By Steward Howard A. Doughty
Labour Day 2022 marked the 50th anniversary of my first march in the Labour Day Parade. Admittedly, it’s been a while since I walked with the cadres from Locals 560 and 561, other CAAT-A activists, some jovial “staffers,” and many hundreds of OPSEU members from all sectors. Alas, we all get older and I’m no longer able to keep up the necessarily brisk pace from Queen’s Park to the Dufferin Gates of the CNE.
Nonetheless, I have fond memories of carrying the OPSEU banner and then, taking off from the already seedy CNE to join forces at the CUPE Local 79 union hall for a pint with selected Toronto politicians and municipal labour leaders, and then to an Irish pub or a Hungarian restaurant or … for further jollities well into the evening. Good times, good friends!
As someone who’d prefer the ranks of labour to celebrate and self-congratulate on the more traditional “May Day,” I have long felt ambivalent about the selection of the date for the event, but … “it is what it is” … for now. The parade itself, however, and the spirited company to be kept were without equal. But that was then.
Now, a fresh spirit of Union Solidarity is sweeping North America. From Amazon.com and Starbucks to faculty unions at some of North America’s most prestigious universities, it is plain both that “gig” workers and precarious professors are becoming active in their own defence and in coalition with environmental, social equity, and anti-poverty groups in unprecedented and frankly unanticipated ways.
With fresh new leadership at OPSEU under our inspired and inspiring President JP Hornick, as well as within Local 560, the time is right to learn more and more about the Union movement, the historical struggles of the CAAT (Academic) Division, and the constellation of forces that are redefining academic work at Seneca College.

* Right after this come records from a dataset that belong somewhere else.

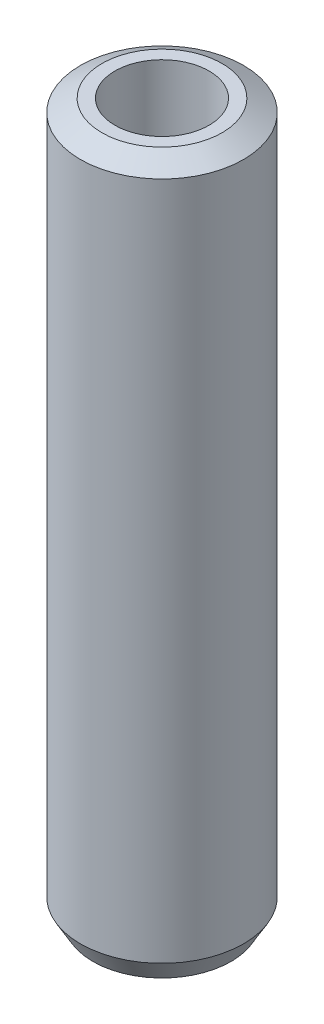
ISO-10303-21;
HEADER;
FILE_DESCRIPTION(('STEP AP214'),'2;1');
FILE_NAME('part.step','',(''),(''),'','','');
FILE_SCHEMA(('AUTOMOTIVE_DESIGN { 1 0 10303 214 1 1 1 1 }'));
ENDSEC;
DATA;
#1=APPLICATION_CONTEXT('core data for automotive mechanical design processes');
#2=APPLICATION_PROTOCOL_DEFINITION('international standard','automotive_design',2000,#1);
#3=PRODUCT_CONTEXT('',#1,'mechanical');
#4=PRODUCT('Part','Part','',(#3));
#5=PRODUCT_RELATED_PRODUCT_CATEGORY('part','',(#4));
#6=PRODUCT_DEFINITION_FORMATION('','',#4);
#7=PRODUCT_DEFINITION_CONTEXT('part definition',#1,'design');
#8=PRODUCT_DEFINITION('design','',#6,#7);
#9=PRODUCT_DEFINITION_SHAPE('','',#8);
#10=(LENGTH_UNIT() NAMED_UNIT(*) SI_UNIT(.MILLI.,.METRE.));
#11=(NAMED_UNIT(*) PLANE_ANGLE_UNIT() SI_UNIT($,.RADIAN.));
#12=(NAMED_UNIT(*) SI_UNIT($,.STERADIAN.) SOLID_ANGLE_UNIT());
#13=UNCERTAINTY_MEASURE_WITH_UNIT(LENGTH_MEASURE(1.E-05),#10,'distance_accuracy_value','');
#14=(GEOMETRIC_REPRESENTATION_CONTEXT(3) GLOBAL_UNCERTAINTY_ASSIGNED_CONTEXT((#13)) GLOBAL_UNIT_ASSIGNED_CONTEXT((#10,
#11,#12)) REPRESENTATION_CONTEXT('',''));
#15=CARTESIAN_POINT('',(0.,0.,0.));
#16=DIRECTION('',(0.,0.,1.));
#17=DIRECTION('',(1.,0.,0.));
#18=AXIS2_PLACEMENT_3D('',#15,#16,#17);
#19=CARTESIAN_POINT('',(0.,262.363190981992,0.));
#20=DIRECTION('',(0.,-1.,0.));
#21=DIRECTION('',(0.,0.,-1.));
#22=AXIS2_PLACEMENT_3D('',#19,#20,#21);
#23=CYLINDRICAL_SURFACE('',#22,30.);
#24=CARTESIAN_POINT('',(0.,257.796440518411,0.));
#25=DIRECTION('',(0.,1.,0.));
#26=DIRECTION('',(0.,0.,1.));
#27=AXIS2_PLACEMENT_3D('',#24,#25,#26);
#28=CIRCLE('',#27,30.);
#29=CARTESIAN_POINT('',(0.,257.796440518411,30.));
#30=VERTEX_POINT('',#29);
#31=EDGE_CURVE('E50',#30,#30,#28,.F.);
#32=ORIENTED_EDGE('',*,*,#31,.T.);
#33=EDGE_LOOP('',(#32));
#34=FACE_BOUND('',#33,.T.);
#35=CARTESIAN_POINT('',(0.,7.90984382841087,0.));
#36=DIRECTION('',(0.,1.,0.));
#37=DIRECTION('',(0.,0.,1.));
#38=AXIS2_PLACEMENT_3D('',#35,#36,#37);
#39=CIRCLE('',#38,30.);
#40=CARTESIAN_POINT('',(0.,7.90984382841087,30.));
#41=VERTEX_POINT('',#40);
#42=EDGE_CURVE('E51',#41,#41,#39,.T.);
#43=ORIENTED_EDGE('',*,*,#42,.T.);
#44=EDGE_LOOP('',(#43));
#45=FACE_BOUND('',#44,.T.);
#46=ADVANCED_FACE('F39',(#34,#45),#23,.T.);
#47=CARTESIAN_POINT('',(0.,262.363190981992,0.));
#48=DIRECTION('',(0.,1.,0.));
#49=DIRECTION('',(0.,0.,1.));
#50=AXIS2_PLACEMENT_3D('',#47,#48,#49);
#51=PLANE('',#50);
#52=CARTESIAN_POINT('',(0.,262.363190981992,0.));
#53=DIRECTION('',(0.,1.,0.));
#54=DIRECTION('',(0.,0.,1.));
#55=AXIS2_PLACEMENT_3D('',#52,#53,#54);
#56=CIRCLE('',#55,22.0901561715892);
#57=CARTESIAN_POINT('',(0.,262.363190981992,22.0901561715892));
#58=VERTEX_POINT('',#57);
#59=EDGE_CURVE('E54',#58,#58,#56,.T.);
#60=ORIENTED_EDGE('',*,*,#59,.T.);
#61=EDGE_LOOP('',(#60));
#62=FACE_BOUND('',#61,.T.);
#63=CARTESIAN_POINT('',(0.,262.363190981992,0.));
#64=DIRECTION('',(0.,1.,0.));
#65=DIRECTION('',(0.,0.,1.));
#66=AXIS2_PLACEMENT_3D('',#63,#64,#65);
#67=CIRCLE('',#66,17.3194614928186);
#68=CARTESIAN_POINT('',(0.,262.363190981992,17.3194614928186));
#69=VERTEX_POINT('',#68);
#70=EDGE_CURVE('E58',#69,#69,#67,.T.);
#71=ORIENTED_EDGE('',*,*,#70,.F.);
#72=EDGE_LOOP('',(#71));
#73=FACE_BOUND('',#72,.T.);
#74=ADVANCED_FACE('F69',(#62,#73),#51,.T.);
#75=CARTESIAN_POINT('',(0.,0.,0.));
#76=DIRECTION('',(0.,1.,0.));
#77=DIRECTION('',(0.,0.,1.));
#78=AXIS2_PLACEMENT_3D('',#75,#76,#77);
#79=PLANE('',#78);
#80=CARTESIAN_POINT('',(0.,0.,0.));
#81=DIRECTION('',(0.,1.,0.));
#82=DIRECTION('',(0.,0.,1.));
#83=AXIS2_PLACEMENT_3D('',#80,#81,#82);
#84=CIRCLE('',#83,25.4332495364191);
#85=CARTESIAN_POINT('',(0.,0.,25.4332495364191));
#86=VERTEX_POINT('',#85);
#87=EDGE_CURVE('E10',#86,#86,#84,.F.);
#88=ORIENTED_EDGE('',*,*,#87,.T.);
#89=EDGE_LOOP('',(#88));
#90=FACE_BOUND('',#89,.T.);
#91=CARTESIAN_POINT('',(0.,0.,0.));
#92=DIRECTION('',(0.,1.,0.));
#93=DIRECTION('',(0.,0.,1.));
#94=AXIS2_PLACEMENT_3D('',#91,#92,#93);
#95=CIRCLE('',#94,17.3194614928186);
#96=CARTESIAN_POINT('',(0.,0.,17.3194614928186));
#97=VERTEX_POINT('',#96);
#98=EDGE_CURVE('E63',#97,#97,#95,.T.);
#99=ORIENTED_EDGE('',*,*,#98,.T.);
#100=EDGE_LOOP('',(#99));
#101=FACE_BOUND('',#100,.T.);
#102=ADVANCED_FACE('F75',(#90,#101),#79,.F.);
#103=CARTESIAN_POINT('',(0.,262.363190981992,0.));
#104=DIRECTION('',(0.,-1.,0.));
#105=DIRECTION('',(0.,0.,-1.));
#106=AXIS2_PLACEMENT_3D('',#103,#104,#105);
#107=CYLINDRICAL_SURFACE('',#106,17.3194614928186);
#108=ORIENTED_EDGE('',*,*,#70,.T.);
#109=EDGE_LOOP('',(#108));
#110=FACE_BOUND('',#109,.T.);
#111=ORIENTED_EDGE('',*,*,#98,.F.);
#112=EDGE_LOOP('',(#111));
#113=FACE_BOUND('',#112,.T.);
#114=ADVANCED_FACE('F70',(#110,#113),#107,.F.);
#115=CARTESIAN_POINT('',(0.,262.363190981992,0.));
#116=DIRECTION('',(0.,-1.,0.));
#117=DIRECTION('',(0.,0.,-1.));
#118=AXIS2_PLACEMENT_3D('',#115,#116,#117);
#119=CONICAL_SURFACE('',#118,22.0901561715892,1.04719755119659);
#120=ORIENTED_EDGE('',*,*,#31,.F.);
#121=EDGE_LOOP('',(#120));
#122=FACE_BOUND('',#121,.T.);
#123=ORIENTED_EDGE('',*,*,#59,.F.);
#124=EDGE_LOOP('',(#123));
#125=FACE_BOUND('',#124,.T.);
#126=ADVANCED_FACE('F81',(#122,#125),#119,.T.);
#127=CARTESIAN_POINT('',(0.,7.90984382841087,0.));
#128=DIRECTION('',(0.,1.,0.));
#129=DIRECTION('',(0.,0.,1.));
#130=AXIS2_PLACEMENT_3D('',#127,#128,#129);
#131=CONICAL_SURFACE('',#130,30.,0.523598775598302);
#132=ORIENTED_EDGE('',*,*,#87,.F.);
#133=EDGE_LOOP('',(#132));
#134=FACE_BOUND('',#133,.T.);
#135=ORIENTED_EDGE('',*,*,#42,.F.);
#136=EDGE_LOOP('',(#135));
#137=FACE_BOUND('',#136,.T.);
#138=ADVANCED_FACE('F45',(#134,#137),#131,.T.);
#139=CLOSED_SHELL('',(#46,#74,#102,#114,#126,#138));
#140=MANIFOLD_SOLID_BREP('B2',#139);
#141=ADVANCED_BREP_SHAPE_REPRESENTATION('',(#18,#140),#14);
#142=SHAPE_DEFINITION_REPRESENTATION(#9,#141);
ENDSEC;
END-ISO-10303-21;

The next few years are going to be crucial for educational workers in Ontario and nowhere is this more important than in the our college system.
It’s time to become part of that future … whether in symbolic actions such as the annual parade or in the more important daily work of developing an increasingly comprehensive and coherent message and growing an ever stronger and more convincing voice for collegiality and co-determination.
To become better informed, there are ample resources at websites such as rabble.ca to and Working In These Times, venerable magazines such as Canadian Dimension, and venerated academic journals such as Labour/Le Travail.
Go exploring, you may be astonished at the quality of what you’ll find.